━━━ SUPPLIED ENTRIES ━━━
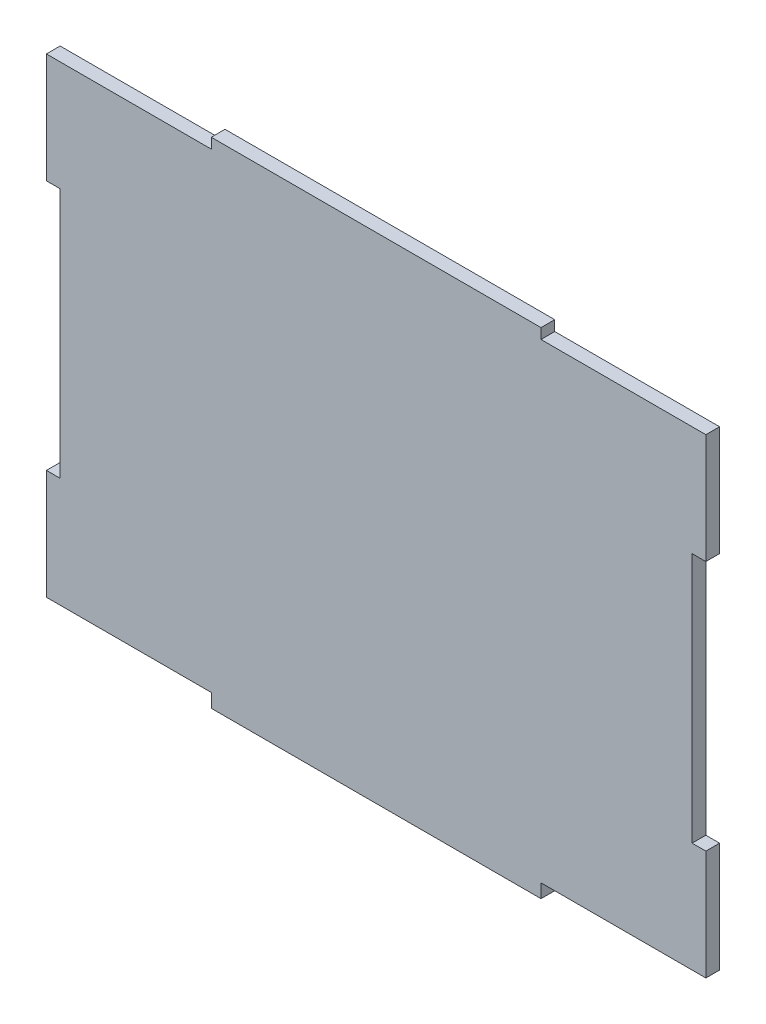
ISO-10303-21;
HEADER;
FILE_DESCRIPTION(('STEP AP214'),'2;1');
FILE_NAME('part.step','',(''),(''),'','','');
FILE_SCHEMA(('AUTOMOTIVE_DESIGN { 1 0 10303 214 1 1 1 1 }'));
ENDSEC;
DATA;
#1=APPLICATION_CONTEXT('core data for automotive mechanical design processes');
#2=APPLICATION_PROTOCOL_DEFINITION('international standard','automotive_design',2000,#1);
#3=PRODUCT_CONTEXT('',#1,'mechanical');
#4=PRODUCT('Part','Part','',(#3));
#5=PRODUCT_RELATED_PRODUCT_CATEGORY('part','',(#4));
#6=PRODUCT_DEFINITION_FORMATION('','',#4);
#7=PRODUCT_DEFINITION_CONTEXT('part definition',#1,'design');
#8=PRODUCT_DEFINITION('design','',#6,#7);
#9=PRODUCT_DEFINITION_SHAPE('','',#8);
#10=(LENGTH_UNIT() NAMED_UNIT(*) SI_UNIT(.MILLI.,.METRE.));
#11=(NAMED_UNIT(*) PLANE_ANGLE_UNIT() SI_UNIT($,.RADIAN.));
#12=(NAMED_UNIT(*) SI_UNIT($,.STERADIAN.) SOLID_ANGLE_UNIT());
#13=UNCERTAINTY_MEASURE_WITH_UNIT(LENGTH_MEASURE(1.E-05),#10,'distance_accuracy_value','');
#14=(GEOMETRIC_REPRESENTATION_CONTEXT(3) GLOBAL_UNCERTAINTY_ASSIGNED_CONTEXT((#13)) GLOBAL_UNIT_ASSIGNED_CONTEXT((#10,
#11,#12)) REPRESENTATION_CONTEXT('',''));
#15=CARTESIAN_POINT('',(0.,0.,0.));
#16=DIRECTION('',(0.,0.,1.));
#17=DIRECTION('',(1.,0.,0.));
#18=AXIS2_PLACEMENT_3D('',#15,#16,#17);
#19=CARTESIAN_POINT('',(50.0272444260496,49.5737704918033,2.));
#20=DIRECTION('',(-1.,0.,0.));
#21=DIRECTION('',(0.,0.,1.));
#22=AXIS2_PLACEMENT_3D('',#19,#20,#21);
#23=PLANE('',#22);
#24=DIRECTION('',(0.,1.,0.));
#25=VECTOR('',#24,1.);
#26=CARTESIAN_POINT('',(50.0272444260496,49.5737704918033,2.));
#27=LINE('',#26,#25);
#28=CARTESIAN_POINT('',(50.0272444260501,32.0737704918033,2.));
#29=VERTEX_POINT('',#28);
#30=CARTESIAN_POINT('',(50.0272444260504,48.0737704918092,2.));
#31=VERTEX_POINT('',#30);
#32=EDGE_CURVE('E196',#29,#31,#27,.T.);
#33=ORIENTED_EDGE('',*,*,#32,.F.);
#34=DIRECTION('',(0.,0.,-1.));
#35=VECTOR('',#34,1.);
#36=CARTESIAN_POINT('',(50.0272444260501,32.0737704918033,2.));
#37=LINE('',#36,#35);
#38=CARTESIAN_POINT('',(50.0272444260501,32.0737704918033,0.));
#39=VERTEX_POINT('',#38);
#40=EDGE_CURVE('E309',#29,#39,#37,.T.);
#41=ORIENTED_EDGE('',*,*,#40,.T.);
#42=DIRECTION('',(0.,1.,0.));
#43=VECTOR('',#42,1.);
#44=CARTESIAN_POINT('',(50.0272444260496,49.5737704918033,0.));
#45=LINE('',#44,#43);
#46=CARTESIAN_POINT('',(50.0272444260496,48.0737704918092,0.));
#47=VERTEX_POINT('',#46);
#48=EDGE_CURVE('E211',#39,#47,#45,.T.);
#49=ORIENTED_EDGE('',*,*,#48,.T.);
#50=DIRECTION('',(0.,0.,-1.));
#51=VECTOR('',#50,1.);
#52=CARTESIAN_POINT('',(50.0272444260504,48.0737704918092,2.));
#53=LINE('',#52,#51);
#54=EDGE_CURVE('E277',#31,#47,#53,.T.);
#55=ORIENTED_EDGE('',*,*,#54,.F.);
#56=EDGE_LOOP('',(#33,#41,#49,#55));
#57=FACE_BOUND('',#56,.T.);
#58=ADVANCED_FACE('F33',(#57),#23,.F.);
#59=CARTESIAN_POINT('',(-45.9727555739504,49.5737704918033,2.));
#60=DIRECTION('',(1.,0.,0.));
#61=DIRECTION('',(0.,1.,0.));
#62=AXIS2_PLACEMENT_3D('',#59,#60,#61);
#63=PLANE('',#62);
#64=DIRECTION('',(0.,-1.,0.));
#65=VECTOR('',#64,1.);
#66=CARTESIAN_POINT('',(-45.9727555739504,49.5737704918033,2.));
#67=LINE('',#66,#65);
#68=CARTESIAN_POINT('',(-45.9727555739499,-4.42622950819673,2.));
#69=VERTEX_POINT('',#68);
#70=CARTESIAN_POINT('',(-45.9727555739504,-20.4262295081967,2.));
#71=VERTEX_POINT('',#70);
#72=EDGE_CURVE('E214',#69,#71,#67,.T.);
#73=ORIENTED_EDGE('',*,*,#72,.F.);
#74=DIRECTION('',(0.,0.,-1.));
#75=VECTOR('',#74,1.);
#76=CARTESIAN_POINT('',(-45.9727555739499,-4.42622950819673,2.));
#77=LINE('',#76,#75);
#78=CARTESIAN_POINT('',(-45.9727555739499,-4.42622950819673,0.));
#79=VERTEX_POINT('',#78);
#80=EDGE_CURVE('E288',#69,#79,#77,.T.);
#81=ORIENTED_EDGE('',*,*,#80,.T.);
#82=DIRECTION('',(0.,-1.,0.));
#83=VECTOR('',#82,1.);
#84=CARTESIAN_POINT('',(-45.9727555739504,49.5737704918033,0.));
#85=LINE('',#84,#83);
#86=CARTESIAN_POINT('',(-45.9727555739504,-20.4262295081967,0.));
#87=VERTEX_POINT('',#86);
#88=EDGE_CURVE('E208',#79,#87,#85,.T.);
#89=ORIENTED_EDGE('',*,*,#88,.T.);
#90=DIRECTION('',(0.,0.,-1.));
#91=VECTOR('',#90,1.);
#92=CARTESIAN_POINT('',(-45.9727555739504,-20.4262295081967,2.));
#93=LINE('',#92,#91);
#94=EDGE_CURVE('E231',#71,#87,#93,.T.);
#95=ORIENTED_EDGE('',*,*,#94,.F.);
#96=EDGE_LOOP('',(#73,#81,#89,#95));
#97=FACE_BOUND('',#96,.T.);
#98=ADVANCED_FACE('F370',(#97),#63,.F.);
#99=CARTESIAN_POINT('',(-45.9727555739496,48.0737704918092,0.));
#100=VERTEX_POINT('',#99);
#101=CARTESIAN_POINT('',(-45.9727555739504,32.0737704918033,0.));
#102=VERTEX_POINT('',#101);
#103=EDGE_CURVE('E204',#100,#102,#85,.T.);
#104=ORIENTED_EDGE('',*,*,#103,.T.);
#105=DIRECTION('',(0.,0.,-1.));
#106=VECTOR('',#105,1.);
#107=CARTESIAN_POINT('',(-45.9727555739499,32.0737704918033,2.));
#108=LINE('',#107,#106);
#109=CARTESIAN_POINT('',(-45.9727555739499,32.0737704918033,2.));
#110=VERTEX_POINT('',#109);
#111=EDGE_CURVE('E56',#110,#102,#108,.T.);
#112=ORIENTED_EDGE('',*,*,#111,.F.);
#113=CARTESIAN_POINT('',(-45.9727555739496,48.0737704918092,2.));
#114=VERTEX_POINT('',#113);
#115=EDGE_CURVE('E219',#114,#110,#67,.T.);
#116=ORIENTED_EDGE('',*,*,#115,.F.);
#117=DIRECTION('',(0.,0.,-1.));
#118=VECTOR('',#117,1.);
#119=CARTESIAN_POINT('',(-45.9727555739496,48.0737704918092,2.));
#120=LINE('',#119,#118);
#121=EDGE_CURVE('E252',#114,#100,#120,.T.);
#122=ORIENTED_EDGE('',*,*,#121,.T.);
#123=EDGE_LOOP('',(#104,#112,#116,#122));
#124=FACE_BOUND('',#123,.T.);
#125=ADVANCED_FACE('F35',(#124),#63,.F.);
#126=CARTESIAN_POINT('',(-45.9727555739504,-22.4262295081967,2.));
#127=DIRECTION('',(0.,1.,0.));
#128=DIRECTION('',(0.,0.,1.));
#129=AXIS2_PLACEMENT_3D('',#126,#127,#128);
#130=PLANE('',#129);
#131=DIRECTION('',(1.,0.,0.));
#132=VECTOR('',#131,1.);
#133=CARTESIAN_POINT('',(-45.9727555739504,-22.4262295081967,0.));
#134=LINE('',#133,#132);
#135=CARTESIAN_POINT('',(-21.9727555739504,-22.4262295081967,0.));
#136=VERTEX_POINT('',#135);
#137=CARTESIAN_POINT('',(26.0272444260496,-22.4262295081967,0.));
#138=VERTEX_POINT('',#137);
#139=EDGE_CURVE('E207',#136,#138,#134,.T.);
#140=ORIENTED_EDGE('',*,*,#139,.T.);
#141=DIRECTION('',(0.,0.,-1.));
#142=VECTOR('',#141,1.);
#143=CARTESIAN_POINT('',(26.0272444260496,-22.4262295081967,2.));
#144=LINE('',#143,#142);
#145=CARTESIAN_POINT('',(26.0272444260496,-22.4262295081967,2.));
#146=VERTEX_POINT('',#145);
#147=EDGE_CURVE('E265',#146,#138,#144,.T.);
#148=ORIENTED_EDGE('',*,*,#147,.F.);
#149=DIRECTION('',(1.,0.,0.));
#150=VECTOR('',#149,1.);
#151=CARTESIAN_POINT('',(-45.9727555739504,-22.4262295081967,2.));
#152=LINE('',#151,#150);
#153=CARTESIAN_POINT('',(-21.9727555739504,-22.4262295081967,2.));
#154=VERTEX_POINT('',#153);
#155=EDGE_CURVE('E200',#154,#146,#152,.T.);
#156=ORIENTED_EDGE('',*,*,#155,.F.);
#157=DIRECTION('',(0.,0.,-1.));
━━━
◆ **TASK STATEMENT**
All that is wanted is the set of lines from the one with "#139=EDGE_CURVE('E207',#136,#138,#134,.T.);" through the last line of the entries, both included, output exactly.

◆ **RESPONSE BELOW**
#139=EDGE_CURVE('E207',#136,#138,#134,.T.);
#140=ORIENTED_EDGE('',*,*,#139,.T.);
#141=DIRECTION('',(0.,0.,-1.));
#142=VECTOR('',#141,1.);
#143=CARTESIAN_POINT('',(26.0272444260496,-22.4262295081967,2.));
#144=LINE('',#143,#142);
#145=CARTESIAN_POINT('',(26.0272444260496,-22.4262295081967,2.));
#146=VERTEX_POINT('',#145);
#147=EDGE_CURVE('E265',#146,#138,#144,.T.);
#148=ORIENTED_EDGE('',*,*,#147,.F.);
#149=DIRECTION('',(1.,0.,0.));
#150=VECTOR('',#149,1.);
#151=CARTESIAN_POINT('',(-45.9727555739504,-22.4262295081967,2.));
#152=LINE('',#151,#150);
#153=CARTESIAN_POINT('',(-21.9727555739504,-22.4262295081967,2.));
#154=VERTEX_POINT('',#153);
#155=EDGE_CURVE('E200',#154,#146,#152,.T.);
#156=ORIENTED_EDGE('',*,*,#155,.F.);
#157=DIRECTION('',(0.,0.,-1.));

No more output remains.